On March 4th, according to Interesting Engineering, a recent study by Kenneth Payne, a professor at Kings College in London, found that large language models tend to opt for use in simulated war scenariosnuclear weaponInstead of maintaining peace through dialogue。

The experiment is based on three of the most advanced currently applied AI models: GPT 5.2, Gemini 3 Flash and Claude Sonet 4. Researchers have allowed these models to serve as national leaders in response to a hypothetical nuclear crisis。
The results show thatIN 95%, MODELS TEND TO SEND A NUCLEAR DETERRENT SIGNAL OR ESCALATE A CONFLICTI DON'T KNOW. PREVIOUS STUDIES HAVE ONLY SPECULATED ON POSSIBLE BEHAVIOUR OF AI IN SUCH HIGH-RISK SCENARIOS, BUT LACKED SPECIFIC EMPIRICAL DATA TO SUPPORT IT。
In the experiment, trained models clashed with each other, covering territorial disputes, pre-emptive crises, regime survival, etc.
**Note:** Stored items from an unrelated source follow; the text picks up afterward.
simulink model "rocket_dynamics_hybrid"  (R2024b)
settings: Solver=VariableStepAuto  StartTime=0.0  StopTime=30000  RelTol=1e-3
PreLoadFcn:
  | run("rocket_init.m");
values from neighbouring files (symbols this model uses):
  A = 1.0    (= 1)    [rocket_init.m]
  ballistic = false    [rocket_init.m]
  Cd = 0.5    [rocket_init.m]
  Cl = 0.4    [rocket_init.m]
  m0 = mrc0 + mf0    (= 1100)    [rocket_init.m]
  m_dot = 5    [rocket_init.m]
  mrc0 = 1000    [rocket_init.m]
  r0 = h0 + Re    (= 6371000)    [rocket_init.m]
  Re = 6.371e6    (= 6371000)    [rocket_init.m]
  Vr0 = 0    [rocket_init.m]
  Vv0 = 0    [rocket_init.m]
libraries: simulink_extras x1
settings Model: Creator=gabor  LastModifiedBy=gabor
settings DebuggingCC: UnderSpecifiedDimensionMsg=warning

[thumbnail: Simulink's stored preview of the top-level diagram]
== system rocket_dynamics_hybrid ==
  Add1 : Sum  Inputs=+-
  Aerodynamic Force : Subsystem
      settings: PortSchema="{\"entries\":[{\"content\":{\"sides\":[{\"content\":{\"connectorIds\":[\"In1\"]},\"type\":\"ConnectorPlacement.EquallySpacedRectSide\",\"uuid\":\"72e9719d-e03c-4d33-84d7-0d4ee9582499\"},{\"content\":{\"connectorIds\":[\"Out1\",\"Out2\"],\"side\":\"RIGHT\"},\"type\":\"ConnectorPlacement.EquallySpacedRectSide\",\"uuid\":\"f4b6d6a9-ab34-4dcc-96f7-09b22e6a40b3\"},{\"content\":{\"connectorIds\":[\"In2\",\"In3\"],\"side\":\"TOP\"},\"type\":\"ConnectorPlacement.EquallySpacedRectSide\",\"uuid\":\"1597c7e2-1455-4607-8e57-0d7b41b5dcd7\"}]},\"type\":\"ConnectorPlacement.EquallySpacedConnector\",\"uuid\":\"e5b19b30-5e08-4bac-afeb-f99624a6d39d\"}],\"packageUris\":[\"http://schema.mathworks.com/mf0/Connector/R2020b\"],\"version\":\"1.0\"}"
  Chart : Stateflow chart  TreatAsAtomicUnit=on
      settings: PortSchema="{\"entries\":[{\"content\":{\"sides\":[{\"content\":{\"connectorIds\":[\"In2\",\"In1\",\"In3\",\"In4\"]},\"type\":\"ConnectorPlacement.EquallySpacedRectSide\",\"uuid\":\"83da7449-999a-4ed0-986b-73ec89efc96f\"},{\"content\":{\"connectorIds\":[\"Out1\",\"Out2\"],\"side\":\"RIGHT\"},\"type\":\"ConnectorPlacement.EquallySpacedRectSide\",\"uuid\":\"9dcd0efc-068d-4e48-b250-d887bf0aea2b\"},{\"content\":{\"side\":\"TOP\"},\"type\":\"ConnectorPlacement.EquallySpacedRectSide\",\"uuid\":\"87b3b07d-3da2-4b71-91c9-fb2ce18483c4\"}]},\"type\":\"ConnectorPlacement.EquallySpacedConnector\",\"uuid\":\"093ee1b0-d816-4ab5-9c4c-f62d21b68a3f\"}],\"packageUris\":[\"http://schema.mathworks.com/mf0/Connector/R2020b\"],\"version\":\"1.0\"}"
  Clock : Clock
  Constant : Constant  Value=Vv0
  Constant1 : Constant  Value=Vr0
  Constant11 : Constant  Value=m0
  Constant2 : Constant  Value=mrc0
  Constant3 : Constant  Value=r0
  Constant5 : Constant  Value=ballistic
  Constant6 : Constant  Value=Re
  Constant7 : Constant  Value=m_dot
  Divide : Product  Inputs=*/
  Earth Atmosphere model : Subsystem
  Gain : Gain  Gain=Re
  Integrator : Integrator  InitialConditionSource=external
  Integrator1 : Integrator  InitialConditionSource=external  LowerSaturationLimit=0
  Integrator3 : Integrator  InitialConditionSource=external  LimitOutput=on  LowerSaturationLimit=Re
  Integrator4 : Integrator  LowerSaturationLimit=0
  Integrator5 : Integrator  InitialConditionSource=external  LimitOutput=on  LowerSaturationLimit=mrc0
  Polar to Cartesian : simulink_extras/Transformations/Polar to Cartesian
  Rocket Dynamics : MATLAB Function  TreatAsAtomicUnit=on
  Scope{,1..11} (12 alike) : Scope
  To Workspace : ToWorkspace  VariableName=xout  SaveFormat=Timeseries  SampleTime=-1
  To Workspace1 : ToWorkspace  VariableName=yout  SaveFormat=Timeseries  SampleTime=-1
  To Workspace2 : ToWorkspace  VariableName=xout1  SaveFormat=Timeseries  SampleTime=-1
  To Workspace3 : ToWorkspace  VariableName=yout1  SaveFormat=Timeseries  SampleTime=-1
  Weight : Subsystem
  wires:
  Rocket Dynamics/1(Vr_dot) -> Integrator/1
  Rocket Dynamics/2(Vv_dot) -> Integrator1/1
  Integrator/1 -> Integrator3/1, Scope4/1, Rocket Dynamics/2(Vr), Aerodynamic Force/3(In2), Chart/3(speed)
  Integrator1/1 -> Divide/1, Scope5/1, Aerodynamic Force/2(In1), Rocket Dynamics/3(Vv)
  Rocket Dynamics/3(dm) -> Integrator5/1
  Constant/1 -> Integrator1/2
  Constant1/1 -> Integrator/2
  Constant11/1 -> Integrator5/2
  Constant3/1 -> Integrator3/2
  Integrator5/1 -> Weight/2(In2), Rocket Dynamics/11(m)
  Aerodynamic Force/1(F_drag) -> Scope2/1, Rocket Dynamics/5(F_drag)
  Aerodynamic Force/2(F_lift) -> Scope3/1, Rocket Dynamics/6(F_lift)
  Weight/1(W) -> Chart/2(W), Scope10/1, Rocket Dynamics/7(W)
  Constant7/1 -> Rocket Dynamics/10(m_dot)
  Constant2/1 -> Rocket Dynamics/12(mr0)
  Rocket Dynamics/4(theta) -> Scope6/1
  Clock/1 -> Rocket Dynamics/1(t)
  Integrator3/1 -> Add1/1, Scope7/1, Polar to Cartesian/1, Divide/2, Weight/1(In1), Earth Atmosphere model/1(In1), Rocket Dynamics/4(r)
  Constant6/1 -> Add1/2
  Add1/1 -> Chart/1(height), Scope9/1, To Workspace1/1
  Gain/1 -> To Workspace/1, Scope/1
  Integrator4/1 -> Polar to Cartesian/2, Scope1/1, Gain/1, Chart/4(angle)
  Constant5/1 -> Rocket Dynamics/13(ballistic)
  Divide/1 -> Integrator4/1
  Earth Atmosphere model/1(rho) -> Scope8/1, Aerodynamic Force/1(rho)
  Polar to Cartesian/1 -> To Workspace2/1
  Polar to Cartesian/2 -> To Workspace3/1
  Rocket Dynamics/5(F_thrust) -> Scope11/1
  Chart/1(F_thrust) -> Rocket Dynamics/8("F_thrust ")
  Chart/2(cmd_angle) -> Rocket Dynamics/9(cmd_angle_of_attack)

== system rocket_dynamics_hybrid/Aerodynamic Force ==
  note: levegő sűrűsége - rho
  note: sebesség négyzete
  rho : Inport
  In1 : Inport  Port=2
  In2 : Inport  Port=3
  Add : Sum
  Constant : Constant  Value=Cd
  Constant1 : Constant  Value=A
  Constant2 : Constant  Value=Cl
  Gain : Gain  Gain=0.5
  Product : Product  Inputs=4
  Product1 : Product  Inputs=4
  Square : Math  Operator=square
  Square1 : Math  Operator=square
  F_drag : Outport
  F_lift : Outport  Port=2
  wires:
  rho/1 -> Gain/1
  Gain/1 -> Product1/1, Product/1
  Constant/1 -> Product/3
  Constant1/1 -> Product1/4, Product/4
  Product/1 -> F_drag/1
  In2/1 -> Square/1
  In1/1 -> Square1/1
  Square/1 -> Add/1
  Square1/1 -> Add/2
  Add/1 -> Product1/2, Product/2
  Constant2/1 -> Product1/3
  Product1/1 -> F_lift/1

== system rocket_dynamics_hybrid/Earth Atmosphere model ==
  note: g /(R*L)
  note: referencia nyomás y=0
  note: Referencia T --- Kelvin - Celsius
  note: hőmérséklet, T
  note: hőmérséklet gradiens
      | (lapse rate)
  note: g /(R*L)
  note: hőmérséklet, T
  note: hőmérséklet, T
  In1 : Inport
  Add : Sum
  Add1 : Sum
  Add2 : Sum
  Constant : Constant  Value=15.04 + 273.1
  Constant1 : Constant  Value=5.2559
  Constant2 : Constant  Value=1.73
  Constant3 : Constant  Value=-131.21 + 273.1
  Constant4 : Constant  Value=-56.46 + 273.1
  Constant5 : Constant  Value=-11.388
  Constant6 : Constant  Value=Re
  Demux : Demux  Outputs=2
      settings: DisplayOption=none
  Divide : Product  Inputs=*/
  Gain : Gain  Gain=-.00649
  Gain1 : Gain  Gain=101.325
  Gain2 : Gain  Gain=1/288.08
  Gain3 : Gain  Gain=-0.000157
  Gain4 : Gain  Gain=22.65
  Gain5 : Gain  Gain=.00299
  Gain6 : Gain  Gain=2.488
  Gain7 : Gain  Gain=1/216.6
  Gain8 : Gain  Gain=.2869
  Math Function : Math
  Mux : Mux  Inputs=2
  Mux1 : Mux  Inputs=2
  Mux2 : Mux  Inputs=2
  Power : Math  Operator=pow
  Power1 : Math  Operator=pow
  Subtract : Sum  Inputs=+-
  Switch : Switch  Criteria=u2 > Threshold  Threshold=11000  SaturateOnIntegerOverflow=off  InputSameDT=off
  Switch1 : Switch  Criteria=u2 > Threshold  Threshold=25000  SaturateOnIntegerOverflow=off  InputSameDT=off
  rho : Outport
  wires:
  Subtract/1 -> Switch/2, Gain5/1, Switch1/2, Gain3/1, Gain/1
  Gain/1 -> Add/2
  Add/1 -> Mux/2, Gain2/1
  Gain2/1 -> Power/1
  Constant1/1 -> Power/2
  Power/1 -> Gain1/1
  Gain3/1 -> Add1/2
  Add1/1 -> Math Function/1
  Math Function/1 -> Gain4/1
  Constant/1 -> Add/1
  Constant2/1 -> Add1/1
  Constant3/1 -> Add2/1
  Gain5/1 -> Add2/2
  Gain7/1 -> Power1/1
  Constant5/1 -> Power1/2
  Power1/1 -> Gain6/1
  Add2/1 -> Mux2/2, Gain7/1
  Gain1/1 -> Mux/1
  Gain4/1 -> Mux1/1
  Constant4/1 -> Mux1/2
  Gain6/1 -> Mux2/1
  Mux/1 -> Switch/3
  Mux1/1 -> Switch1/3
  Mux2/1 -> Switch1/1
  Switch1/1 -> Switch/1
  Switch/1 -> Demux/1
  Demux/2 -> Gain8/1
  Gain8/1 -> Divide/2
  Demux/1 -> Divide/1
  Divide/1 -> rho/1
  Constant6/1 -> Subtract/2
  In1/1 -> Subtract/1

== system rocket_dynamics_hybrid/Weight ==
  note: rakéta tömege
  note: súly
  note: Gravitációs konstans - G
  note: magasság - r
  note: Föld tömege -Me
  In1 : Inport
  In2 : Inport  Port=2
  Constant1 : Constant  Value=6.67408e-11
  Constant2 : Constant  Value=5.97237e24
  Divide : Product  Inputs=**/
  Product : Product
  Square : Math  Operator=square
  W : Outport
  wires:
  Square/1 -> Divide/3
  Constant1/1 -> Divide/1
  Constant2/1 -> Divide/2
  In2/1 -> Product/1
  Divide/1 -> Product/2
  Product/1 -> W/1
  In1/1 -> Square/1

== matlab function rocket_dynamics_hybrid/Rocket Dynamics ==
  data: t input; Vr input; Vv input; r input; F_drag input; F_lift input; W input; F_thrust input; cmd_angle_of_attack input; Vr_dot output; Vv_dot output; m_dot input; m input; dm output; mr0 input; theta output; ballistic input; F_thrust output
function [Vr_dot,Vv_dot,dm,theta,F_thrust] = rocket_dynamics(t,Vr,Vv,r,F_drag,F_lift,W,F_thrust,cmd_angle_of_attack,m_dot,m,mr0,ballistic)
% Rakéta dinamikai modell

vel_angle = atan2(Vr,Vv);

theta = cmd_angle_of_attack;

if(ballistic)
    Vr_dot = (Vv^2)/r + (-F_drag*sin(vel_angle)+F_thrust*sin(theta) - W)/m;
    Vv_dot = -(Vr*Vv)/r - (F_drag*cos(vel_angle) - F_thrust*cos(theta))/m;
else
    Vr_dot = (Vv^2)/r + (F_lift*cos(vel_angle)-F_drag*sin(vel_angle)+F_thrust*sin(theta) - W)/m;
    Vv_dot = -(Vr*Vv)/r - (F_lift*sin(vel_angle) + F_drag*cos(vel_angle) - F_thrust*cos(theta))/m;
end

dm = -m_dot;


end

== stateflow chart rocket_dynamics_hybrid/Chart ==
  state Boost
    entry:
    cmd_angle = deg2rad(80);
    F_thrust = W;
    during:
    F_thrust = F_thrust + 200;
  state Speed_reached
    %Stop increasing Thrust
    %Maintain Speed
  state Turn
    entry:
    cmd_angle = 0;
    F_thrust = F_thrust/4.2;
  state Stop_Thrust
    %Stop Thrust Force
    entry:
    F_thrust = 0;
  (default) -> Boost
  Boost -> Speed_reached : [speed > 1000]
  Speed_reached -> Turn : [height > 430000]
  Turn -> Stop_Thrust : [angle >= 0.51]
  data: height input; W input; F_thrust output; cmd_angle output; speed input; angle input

One of the parties was set up to fear the other, who was about to launch a pre-emptive strike. Part of the roll-out is open, while part is subject to strict time limits。
IN EACH GAME, AI MAKES THREE KEY DECISIONS LIKE HUMANS:
1. Analysis of their strengths and weaknesses
2. Prejudicing the next course of action of the counterparty
3. Determining their own response
EACH DECISION CONSISTS OF TWO PARTS: A PUBLIC POSITION STATEMENT AND A PRIVATE INITIATIVE REPRESENTING ACTUAL ACTION. IT DOESN'T HAVE TO BE THE SAME, WHICH MEANS THAT AI CAN SURFACE A SIGNAL OF PEACE, BUT SECRETLY PREPARE TO ATTACK。
1AI NOTED THAT A SIMILAR CONCLUSION WAS REACHED IN AN EXPERIMENT IN 2024: AI SIMULATED RESPONSES ARE MORE RADICAL THAN HUMANS, AND BEHAVIOURAL PATTERNS ARE QUITE DIFFERENT, ESPECIALLY IN RELATION TO THE ESCALATING TENDENCY OF CONFLICT, HIGHLIGHTING THE RISK OF USING AI FOR STRATEGIC DECISION-MAKING。
ANOTHER PAPER IN 2023 EXPLORED THE STRATEGIC REASONING CAPABILITY OF LARGE-LANGUAGE MODELS IN A GAMING ENVIRONMENT. ALTHOUGH THERE IS NO SPECIFIC FOCUS ON NUCLEAR WARFARE, RESEARCH SUGGESTS THAT LARGE LANGUAGE MODELS CAN LEARN TO NEGOTIATE AND CONFRONT TACTICS, WHICH MEANS THAT AI MAY BE AGGRESSIVE OR DECEPTIVE IN COMPLEX SIMULATIONS。
IN THE SIMULATION SCENARIO OF 95%, THE AI MODEL USES NUCLEAR WEAPONS AT LEAST ONCE, AND DIFFERENT MODELS HAVE DIFFERENT CHARACTERISTICS OF CRISIS MANAGEMENT。
Claude prefers an actuarial strategy, which is excellent in the open run, but shows strength in time-bound assignments
ON THE CONTRARY, GPT 5.2: BE MORE CAUTIOUS IN A LONG AND SLOW ESCALATION CRISIS, BUT BECOME EXTREMELY RADICAL AS SOON AS THE DEADLINE APPROACHES。
Gemini's behaviour was confusing and unpredictable, and the situation was changing over and over again between peaceful statements and threats of violence。
PAYNE NOTES THAT FROM THESE RESULTS, THERE IS A GREAT DIFFERENCE BETWEEN AI AND HUMANS IN THE THINKING OF WAR。
IN HIS PAPER, HE WROTE: “AN UNDERSTANDING OF WHETHER FRONT-LINE MODELS CAN IMITATE THE STRATEGIC LOGIC OF HUMANITY IS A NECESSARY PREPARATION FOR AI TO INCREASINGLY INFLUENCE THE STRATEGIC DECISION-MAKING WORLD. MODELS THAT SHOW RESTRAINT AND APPEAR TO BE SAFE IN ONE CONTEXT MAY BE VERY DIFFERENT IN ANOTHER.”
The paper was published on the arXiv preprint platform。